### [About this exercise]
Return exactly the lines below, starting with the one that has "8.3209395881), (83, 8.2972474438))" and going on through the one that has "Line((85, 5.2972474438), (85, 8.2584535703))".

### [Entries supplied]
- Opening Delimiter -
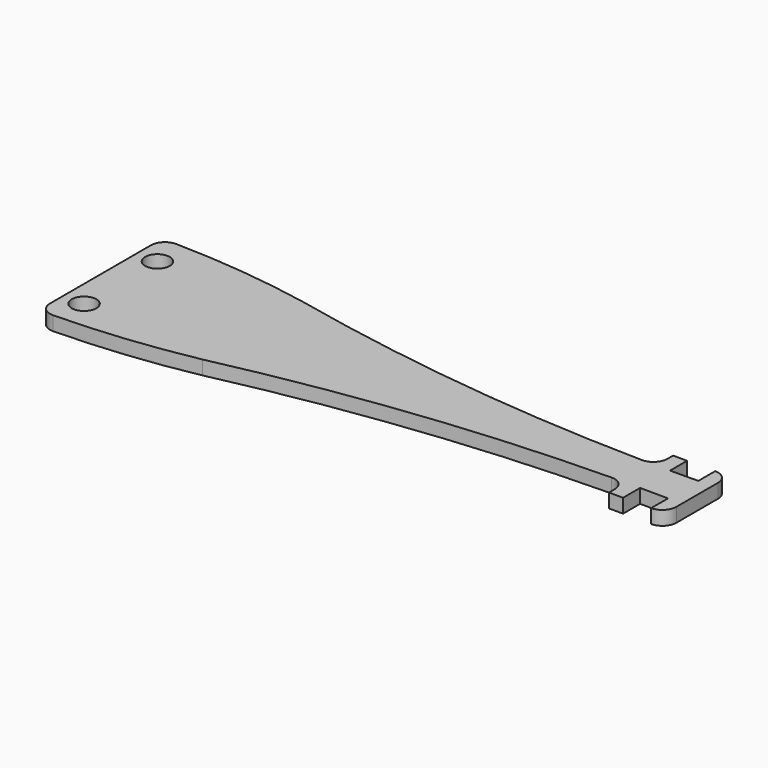
from build123d import *

# Parameters (mm, degrees)
F0_R     = 1.75
F1_DEPTH = 2
F2_R     = 1.99999


# Not quite as in the source:
# - a fillet or chamfer is up to 0.001 mm smaller than in the source, because OpenCascade refuses the exact size


with BuildPart() as f1:
    # F0 (on Top) → F1 (new body)
    with BuildSketch(Plane.XY):
        with BuildLine():
            Line((0, 22), (0, 0))
            ThreePointArc((0, 0), (10.8792490031, 0.5215994991), (21.6586962342, 2.0816130564))
            ThreePointArc((21.6586962342, 2.0816130564), (49.1649189112, 6.6602813892), (77, 8.3230352611))
            ThreePointArc((77, 8.3230352611), (77.9999938672, 8.3281723489), (79, 8.3295355292))
            ThreePointArc((79, 8.3295355292), (81.0000609284, 8.3209395881), (83, 8.2972474438))
            ThreePointArc((83, 8.2972474438), (84.0000366078, 8.2797378058), (85, 8.2584535703))
            Line((85, 8.2584535703), (85, 13.7415464297))
            ThreePointArc((85, 13.7415464297), (84.0000366078, 13.7202621942), (83, 13.7027525562))
            ThreePointArc((83, 13.7027525562), (81.0000609284, 13.6790604119), (79, 13.6704644708))
            ThreePointArc((79, 13.6704644708), (77.9999938672, 13.6718276511), (77, 13.6769647389))
            ThreePointArc((77, 13.6769647389), (49.1649189112, 15.3397186108), (21.6586962342, 19.9183869436))
            ThreePointArc((21.6586962342, 19.9183869436), (10.8792490031, 21.4784005009), (0, 22))
        make_face()
        with Locations((3, 4.3338485993)):
            Circle(F0_R, mode=Mode.SUBTRACT)
        with Locations((3, 17.3932574689)):
            Circle(F0_R, mode=Mode.SUBTRACT)
        with BuildLine():
            ThreePointArc((79, 8.3295355292), (77.9999938672, 8.3281723489), (77, 8.3230352611))
            Line((77, 8.3230352611), (77, 5.2972474438))
            Line((77, 5.2972474438), (79, 5.2972474438))
            Line((79, 5.2972474438), (79, 8.3295355292))
        make_face()
        with BuildLine():
            Line((83, 5.2972474438), (85, 5.2972474438))
            Line((85, 5.2972474438), (85, 8.2584535703))
            ThreePointArc((85, 8.2584535703), (84.0000366078, 8.2797378058), (83, 8.2972474438))
            Line((83, 8.2972474438), (83, 5.2972474438))
        make_face()
        with BuildLine():
            Line((77, 16.7027525562), (77, 13.6769647389))
            ThreePointArc((77, 13.6769647389), (77.9999938672, 13.6718276511), (79, 13.6704644708))
            Line((79, 13.6704644708), (79, 16.7027525562))
            Line((79, 16.7027525562), (77, 16.7027525562))
        make_face()
        with BuildLine():
            Line((85, 13.7415464297), (85, 16.7027525562))
            Line((85, 16.7027525562), (83, 16.7027525562))
            Line((83, 16.7027525562), (83, 13.7027525562))
            ThreePointArc((83, 13.7027525562), (84.0000366078, 13.7202621942), (85, 13.7415464297))
        make_face()
    extrude(amount=F1_DEPTH)

    # F2 (radius 2 in the source; OpenCascade refuses exactly that, so slightly less here)
    f2_edges = [f1.edges().sort_by_distance(p)[0] for p in [
        (0, 0, 1),
        (0, 22, 1),
        (85, 5.297247, 1),
        (85, 16.702753, 1),
        (77, 8.323035, 1),
        (77, 13.676965, 1),
    ]]
    fillet(f2_edges, radius=F2_R)


solid = f1.part
- Closing Delimiter -
### [Output of the exercise]
            ThreePointArc((79, 8.3295355292), (81.0000609284, 8.3209395881), (83, 8.2972474438))
            ThreePointArc((83, 8.2972474438), (84.0000366078, 8.2797378058), (85, 8.2584535703))
            Line((85, 8.2584535703), (85, 13.7415464297))
            ThreePointArc((85, 13.7415464297), (84.0000366078, 13.7202621942), (83, 13.7027525562))
            ThreePointArc((83, 13.7027525562), (81.0000609284, 13.6790604119), (79, 13.6704644708))
            ThreePointArc((79, 13.6704644708), (77.9999938672, 13.6718276511), (77, 13.6769647389))
            ThreePointArc((77, 13.6769647389), (49.1649189112, 15.3397186108), (21.6586962342, 19.9183869436))
            ThreePointArc((21.6586962342, 19.9183869436), (10.8792490031, 21.4784005009), (0, 22))
        make_face()
        with Locations((3, 4.3338485993)):
            Circle(F0_R, mode=Mode.SUBTRACT)
        with Locations((3, 17.3932574689)):
            Circle(F0_R, mode=Mode.SUBTRACT)
        with BuildLine():
            ThreePointArc((79, 8.3295355292), (77.9999938672, 8.3281723489), (77, 8.3230352611))
            Line((77, 8.3230352611), (77, 5.2972474438))
            Line((77, 5.2972474438), (79, 5.2972474438))
            Line((79, 5.2972474438), (79, 8.3295355292))
        make_face()
        with BuildLine():
            Line((83, 5.2972474438), (85, 5.2972474438))
            Line((85, 5.2972474438), (85, 8.2584535703))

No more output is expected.